Ruiz takes the comic, cracks a grin, flips through it until he finds Chain’s report. He closes the comic again, moves it to rest beside him on his seat. “Tell me.”
“I’m light.” Bell goes silent as the waiter sets his drink on the table, saunters off. “I’m tasked for four. You promised me four. Rest of my team.”
“You may have heard, there’s a war on.”
“Old news. I’ve got Chain.”
“You’ve got Chain plus one.”
“I don’t know my plus one, my plus one wasn’t picked by me, my plus one is a variable and untested and therefore I do not include my plus one.”
“Your plus one checks out.”
“I didn’t do the check. She’s Company. I’m still light.”
“There are a lot of parks to cover, Master Sergeant. I had to put Board and Bone in play elsewhere.”
“Am I getting any more?”
Ruiz shakes his head so slightly it’d be easy to miss, except Bell knew it was coming.
“No change?” Bell asks. “Nothing new?”
“NSTR. Action as before.” Ruiz takes another drink, glances over at him. “Anything
you want to share?”
“Vesques.”
“What about him?”
“He was moved before he was murdered.”
“That was our conclusion as well.”
“Moved out of the park.”
“What I’d do.”
“What I’d do, too, if it came to that. But if you had to move him out of the park, that means you initially neutralized him in the park. Which means you had a reason to do it. Which means it’s an internal threat, not an external one.”
“Find the reason he was moved.”
Bell uses his chin to indicate where Ruiz has set the comic. “Chain’s been looking, been looking six weeks now, almost. Negative result so far. If there’s something hidden inside the park, neither of us can find it.”
“Find the reason.”
“I’m light.”
“Yes, you are.”
“But you’re moving people elsewhere. This is the lead. Vesques is the lead. But you’re moving people elsewhere. Unless you’re telling me there’s something hard that’s come up elsewhere.”
“There is not. What there is, Jad, is over five hundred theme parks in this country. Did you know that? Over five hundred theme parks in the United States alone. Add the politics and the interservice bullshit and you’re lucky you’re not working this alone with your dick in your hands.”
“This is the lead. If this goes down, it’ll be on a big park, not on fucking Happy Oaks in Peoria or wherever. Everyone thinks you hit these places from outside, it makes sense, I know that. Wear a vest, take a walk, ruin everybody’s day who’s buying a ticket.

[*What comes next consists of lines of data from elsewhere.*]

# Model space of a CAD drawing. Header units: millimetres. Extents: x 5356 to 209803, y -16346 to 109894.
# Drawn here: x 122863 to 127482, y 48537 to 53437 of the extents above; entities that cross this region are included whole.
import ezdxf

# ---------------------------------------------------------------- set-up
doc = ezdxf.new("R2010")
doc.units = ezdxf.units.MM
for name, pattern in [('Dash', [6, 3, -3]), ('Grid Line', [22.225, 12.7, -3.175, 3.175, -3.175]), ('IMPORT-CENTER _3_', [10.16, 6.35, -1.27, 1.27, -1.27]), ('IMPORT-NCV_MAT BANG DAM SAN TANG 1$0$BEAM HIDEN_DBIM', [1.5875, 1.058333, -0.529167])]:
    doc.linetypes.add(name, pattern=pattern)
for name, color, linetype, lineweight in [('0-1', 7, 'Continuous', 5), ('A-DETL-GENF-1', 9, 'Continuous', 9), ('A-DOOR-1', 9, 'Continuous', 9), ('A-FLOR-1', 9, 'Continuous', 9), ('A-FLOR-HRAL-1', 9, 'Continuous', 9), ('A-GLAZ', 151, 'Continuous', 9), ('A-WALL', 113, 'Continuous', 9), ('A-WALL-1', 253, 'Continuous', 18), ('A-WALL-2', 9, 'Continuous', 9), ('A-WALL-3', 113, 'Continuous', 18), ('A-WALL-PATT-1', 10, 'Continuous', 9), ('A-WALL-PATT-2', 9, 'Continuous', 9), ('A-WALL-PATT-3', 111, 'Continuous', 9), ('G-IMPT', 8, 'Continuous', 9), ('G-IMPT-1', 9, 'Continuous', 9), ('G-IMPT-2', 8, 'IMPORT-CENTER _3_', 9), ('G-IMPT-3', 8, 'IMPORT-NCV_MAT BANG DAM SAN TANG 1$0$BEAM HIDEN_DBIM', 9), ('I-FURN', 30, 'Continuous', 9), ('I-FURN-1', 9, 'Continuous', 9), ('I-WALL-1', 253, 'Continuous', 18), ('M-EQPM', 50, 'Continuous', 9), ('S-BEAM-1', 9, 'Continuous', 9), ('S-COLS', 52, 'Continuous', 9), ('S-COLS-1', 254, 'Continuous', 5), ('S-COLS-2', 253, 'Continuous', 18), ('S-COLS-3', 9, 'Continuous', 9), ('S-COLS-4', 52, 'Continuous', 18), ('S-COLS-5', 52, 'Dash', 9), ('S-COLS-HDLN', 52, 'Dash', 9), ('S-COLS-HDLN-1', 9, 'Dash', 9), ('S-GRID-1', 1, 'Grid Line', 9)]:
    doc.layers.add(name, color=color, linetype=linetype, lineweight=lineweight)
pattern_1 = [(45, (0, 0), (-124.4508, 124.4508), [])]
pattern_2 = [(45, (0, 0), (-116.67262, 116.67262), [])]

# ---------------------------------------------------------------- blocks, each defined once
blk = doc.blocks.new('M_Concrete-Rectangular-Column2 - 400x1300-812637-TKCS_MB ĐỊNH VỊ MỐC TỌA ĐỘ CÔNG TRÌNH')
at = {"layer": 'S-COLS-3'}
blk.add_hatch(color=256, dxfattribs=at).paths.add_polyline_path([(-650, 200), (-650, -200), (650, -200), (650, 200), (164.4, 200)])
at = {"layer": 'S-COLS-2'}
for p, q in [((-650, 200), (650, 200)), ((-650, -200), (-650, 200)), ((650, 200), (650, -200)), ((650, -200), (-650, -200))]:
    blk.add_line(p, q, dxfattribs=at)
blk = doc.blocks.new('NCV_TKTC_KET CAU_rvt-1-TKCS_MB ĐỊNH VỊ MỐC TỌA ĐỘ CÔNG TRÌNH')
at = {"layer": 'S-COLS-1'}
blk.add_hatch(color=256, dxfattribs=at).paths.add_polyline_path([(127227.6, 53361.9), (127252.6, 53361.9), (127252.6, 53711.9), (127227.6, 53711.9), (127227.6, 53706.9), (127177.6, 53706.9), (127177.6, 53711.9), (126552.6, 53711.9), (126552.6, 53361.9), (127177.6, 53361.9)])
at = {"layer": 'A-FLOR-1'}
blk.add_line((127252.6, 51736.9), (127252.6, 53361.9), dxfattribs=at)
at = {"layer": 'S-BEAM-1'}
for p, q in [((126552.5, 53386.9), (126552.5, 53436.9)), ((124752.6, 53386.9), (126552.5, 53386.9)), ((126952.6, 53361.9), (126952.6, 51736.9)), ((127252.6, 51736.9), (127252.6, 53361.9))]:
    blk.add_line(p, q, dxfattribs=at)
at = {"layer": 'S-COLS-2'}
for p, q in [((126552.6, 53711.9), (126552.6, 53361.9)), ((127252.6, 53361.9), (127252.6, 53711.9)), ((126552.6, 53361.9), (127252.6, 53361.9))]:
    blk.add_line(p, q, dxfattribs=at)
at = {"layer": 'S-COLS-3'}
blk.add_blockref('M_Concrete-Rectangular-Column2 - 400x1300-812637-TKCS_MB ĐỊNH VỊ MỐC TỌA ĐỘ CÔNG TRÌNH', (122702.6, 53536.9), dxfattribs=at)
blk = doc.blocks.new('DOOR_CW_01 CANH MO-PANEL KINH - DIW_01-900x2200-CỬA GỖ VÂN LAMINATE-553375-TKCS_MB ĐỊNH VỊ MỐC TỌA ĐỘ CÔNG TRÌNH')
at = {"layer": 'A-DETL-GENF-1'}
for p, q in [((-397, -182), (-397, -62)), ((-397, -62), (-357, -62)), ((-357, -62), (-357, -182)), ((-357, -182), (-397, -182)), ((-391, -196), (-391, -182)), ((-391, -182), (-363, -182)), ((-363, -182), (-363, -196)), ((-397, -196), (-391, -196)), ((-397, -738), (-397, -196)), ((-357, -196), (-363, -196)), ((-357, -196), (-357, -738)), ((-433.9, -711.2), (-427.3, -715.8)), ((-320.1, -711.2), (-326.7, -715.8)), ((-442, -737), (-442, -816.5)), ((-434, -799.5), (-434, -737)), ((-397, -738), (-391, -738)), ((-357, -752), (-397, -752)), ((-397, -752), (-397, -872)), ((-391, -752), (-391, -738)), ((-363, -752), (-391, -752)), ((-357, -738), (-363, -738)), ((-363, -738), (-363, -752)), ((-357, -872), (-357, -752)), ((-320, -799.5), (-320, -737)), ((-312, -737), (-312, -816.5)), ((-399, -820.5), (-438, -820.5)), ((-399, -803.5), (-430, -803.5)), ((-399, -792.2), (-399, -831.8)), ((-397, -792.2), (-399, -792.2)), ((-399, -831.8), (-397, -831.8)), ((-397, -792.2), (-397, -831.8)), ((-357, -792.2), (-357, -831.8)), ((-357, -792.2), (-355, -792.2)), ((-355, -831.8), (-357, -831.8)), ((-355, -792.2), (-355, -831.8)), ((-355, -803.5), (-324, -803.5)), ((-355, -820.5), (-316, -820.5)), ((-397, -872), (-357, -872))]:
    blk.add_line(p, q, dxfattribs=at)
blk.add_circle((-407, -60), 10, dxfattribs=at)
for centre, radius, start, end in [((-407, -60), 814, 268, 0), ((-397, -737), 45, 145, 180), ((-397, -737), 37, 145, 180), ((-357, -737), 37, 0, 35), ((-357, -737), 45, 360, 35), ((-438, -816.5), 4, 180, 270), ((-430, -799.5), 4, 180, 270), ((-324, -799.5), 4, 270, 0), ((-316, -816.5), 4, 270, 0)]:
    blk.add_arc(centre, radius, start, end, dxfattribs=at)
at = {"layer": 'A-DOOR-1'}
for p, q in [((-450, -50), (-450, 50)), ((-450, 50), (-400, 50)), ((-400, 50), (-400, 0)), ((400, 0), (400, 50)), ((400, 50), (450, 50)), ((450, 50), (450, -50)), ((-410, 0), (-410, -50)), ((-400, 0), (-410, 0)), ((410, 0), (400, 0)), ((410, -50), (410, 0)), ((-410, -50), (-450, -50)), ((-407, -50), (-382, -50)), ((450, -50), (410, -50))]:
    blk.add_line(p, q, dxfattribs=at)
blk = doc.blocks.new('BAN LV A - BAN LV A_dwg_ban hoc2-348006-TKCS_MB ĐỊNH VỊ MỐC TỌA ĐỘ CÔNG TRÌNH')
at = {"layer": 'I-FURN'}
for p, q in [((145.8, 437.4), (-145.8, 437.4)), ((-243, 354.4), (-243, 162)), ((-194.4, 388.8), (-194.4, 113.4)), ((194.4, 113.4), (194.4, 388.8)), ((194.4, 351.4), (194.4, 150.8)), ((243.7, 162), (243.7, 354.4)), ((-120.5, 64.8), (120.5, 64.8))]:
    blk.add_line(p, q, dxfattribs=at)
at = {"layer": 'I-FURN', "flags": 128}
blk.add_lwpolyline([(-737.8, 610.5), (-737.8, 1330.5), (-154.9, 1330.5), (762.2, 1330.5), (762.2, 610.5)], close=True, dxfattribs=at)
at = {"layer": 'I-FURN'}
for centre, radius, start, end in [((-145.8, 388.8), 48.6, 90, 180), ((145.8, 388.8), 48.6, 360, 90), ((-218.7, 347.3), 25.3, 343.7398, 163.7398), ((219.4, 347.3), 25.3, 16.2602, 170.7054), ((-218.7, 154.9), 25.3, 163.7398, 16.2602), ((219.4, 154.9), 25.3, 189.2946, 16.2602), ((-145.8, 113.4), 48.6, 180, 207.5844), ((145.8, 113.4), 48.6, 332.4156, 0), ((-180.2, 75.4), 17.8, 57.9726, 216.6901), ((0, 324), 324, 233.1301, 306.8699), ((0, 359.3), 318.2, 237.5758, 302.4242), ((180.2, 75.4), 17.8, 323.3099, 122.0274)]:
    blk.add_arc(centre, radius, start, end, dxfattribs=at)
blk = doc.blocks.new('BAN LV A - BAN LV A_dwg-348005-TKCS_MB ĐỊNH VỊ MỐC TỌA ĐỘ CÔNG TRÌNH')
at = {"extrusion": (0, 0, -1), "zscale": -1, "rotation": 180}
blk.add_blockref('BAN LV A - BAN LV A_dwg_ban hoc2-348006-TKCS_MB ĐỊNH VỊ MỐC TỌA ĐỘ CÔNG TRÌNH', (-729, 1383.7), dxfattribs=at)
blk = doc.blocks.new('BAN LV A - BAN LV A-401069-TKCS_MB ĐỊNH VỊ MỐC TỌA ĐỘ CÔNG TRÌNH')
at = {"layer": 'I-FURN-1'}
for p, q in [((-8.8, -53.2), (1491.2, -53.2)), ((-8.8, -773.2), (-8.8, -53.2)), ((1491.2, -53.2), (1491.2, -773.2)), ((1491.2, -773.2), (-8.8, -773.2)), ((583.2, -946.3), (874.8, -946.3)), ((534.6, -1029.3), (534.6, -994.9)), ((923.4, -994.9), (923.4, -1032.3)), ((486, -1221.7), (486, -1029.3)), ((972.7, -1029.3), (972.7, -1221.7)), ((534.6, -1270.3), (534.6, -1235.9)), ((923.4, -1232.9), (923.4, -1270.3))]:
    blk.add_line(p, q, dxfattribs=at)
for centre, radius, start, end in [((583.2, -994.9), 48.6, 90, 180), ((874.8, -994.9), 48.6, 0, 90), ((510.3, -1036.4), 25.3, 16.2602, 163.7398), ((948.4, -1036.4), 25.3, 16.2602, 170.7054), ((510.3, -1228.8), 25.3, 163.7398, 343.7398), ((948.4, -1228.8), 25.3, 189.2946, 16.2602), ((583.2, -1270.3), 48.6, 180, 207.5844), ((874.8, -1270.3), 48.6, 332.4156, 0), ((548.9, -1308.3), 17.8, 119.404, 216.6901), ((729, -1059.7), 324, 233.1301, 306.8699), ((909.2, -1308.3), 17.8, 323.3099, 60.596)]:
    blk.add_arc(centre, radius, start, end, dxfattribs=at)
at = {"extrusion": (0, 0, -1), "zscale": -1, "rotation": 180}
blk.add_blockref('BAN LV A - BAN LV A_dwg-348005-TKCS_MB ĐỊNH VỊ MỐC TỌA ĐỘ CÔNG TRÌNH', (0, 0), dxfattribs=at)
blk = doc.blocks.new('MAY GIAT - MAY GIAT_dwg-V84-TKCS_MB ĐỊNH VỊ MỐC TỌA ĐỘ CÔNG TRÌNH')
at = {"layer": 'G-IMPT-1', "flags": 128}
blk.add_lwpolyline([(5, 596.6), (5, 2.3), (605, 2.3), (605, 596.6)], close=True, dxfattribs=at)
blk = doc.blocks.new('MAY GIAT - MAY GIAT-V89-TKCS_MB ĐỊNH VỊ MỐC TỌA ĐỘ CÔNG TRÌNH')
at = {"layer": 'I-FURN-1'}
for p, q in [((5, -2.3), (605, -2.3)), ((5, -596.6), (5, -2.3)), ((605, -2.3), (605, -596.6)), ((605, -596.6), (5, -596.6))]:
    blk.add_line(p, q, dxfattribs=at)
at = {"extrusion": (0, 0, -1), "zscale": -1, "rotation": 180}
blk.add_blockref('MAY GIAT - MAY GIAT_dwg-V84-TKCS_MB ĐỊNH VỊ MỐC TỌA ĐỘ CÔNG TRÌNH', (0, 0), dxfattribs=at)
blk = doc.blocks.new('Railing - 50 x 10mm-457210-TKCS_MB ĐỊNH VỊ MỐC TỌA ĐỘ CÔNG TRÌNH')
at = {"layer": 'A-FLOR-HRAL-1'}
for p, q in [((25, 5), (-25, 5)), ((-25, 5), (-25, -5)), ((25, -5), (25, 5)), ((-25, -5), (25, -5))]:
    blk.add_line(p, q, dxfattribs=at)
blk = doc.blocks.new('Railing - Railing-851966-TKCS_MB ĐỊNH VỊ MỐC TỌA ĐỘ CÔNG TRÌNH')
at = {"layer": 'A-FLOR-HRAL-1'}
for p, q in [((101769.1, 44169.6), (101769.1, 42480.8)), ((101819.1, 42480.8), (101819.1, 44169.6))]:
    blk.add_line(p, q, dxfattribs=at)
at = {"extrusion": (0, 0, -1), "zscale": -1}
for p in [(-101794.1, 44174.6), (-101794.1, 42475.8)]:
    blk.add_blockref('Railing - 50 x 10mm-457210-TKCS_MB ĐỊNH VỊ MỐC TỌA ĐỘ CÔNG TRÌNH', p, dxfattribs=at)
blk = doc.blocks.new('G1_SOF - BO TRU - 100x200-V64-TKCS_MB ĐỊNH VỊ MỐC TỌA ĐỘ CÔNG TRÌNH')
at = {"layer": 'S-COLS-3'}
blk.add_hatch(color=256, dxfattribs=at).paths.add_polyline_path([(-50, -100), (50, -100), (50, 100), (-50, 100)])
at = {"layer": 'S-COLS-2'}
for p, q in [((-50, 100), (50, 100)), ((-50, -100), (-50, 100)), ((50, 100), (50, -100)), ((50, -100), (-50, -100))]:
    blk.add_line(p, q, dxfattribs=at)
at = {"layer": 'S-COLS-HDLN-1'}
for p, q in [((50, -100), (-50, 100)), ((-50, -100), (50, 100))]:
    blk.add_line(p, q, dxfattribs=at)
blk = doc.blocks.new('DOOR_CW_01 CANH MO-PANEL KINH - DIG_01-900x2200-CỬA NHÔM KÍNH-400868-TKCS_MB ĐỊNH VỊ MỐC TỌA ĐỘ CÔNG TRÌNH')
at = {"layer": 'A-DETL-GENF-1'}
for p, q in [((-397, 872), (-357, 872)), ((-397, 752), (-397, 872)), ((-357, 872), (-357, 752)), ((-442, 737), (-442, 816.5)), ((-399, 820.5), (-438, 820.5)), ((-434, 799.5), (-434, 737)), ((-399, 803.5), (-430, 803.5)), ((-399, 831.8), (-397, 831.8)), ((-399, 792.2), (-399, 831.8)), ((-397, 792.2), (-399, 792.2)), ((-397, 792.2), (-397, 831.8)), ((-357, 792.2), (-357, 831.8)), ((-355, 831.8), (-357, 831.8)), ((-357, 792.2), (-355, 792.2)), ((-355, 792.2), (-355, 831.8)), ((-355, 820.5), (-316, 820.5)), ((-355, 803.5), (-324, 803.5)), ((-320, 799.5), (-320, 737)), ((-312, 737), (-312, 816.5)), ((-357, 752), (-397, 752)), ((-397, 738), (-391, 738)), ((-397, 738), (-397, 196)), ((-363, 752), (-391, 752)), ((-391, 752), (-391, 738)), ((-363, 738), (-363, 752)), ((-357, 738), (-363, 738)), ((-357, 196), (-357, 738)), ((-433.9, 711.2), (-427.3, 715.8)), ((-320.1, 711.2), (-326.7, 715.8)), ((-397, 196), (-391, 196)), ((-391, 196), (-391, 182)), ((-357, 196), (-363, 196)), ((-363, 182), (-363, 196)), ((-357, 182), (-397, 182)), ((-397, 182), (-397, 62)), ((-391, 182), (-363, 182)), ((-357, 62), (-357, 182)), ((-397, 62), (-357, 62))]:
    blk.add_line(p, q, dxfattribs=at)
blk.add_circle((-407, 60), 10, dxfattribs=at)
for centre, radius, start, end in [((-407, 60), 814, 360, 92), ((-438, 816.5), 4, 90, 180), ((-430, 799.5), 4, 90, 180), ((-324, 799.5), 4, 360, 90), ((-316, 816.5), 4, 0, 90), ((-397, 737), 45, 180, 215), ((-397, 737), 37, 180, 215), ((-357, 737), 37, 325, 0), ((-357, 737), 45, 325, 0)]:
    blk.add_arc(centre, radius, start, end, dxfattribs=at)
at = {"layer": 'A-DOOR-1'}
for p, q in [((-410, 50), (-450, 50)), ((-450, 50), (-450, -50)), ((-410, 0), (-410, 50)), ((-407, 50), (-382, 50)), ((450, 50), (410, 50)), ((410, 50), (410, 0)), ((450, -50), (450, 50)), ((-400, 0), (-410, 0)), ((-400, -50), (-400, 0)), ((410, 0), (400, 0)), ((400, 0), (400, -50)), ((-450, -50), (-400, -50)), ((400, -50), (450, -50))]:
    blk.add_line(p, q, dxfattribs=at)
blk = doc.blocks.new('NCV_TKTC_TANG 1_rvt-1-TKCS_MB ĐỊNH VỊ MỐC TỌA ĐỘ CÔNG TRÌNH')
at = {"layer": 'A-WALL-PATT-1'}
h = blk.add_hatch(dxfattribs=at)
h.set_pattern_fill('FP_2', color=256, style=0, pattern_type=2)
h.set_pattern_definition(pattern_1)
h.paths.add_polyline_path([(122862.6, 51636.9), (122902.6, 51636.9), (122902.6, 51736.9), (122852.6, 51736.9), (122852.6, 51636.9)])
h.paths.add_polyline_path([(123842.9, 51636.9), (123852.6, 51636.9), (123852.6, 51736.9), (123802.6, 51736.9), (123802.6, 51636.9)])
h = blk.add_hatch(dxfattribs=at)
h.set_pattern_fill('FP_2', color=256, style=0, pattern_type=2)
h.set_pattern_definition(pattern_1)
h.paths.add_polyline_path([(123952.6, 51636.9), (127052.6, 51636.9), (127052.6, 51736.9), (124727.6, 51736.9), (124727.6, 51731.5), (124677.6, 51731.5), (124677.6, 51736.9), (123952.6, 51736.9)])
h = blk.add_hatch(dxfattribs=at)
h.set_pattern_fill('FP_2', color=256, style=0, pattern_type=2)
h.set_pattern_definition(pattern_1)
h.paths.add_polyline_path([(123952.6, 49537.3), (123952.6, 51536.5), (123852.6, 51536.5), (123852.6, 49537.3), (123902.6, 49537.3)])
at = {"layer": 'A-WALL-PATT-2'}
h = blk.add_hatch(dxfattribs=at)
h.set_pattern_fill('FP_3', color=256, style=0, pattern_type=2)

I know that. But Vesques was killed inside. This is something else, this is not looking like the playbook scenario. This is the lead.”
Ruiz empties his glass, sets it on the table, rocks it back and forth between his palms. He’s stopped watching the game, brown eyes on Bell. His age is starting to show, the hard living beginning to present its bill. Mostly, it shows around his eyes, crow’s-feet that never go away, a slight sagging of flesh at his cheeks.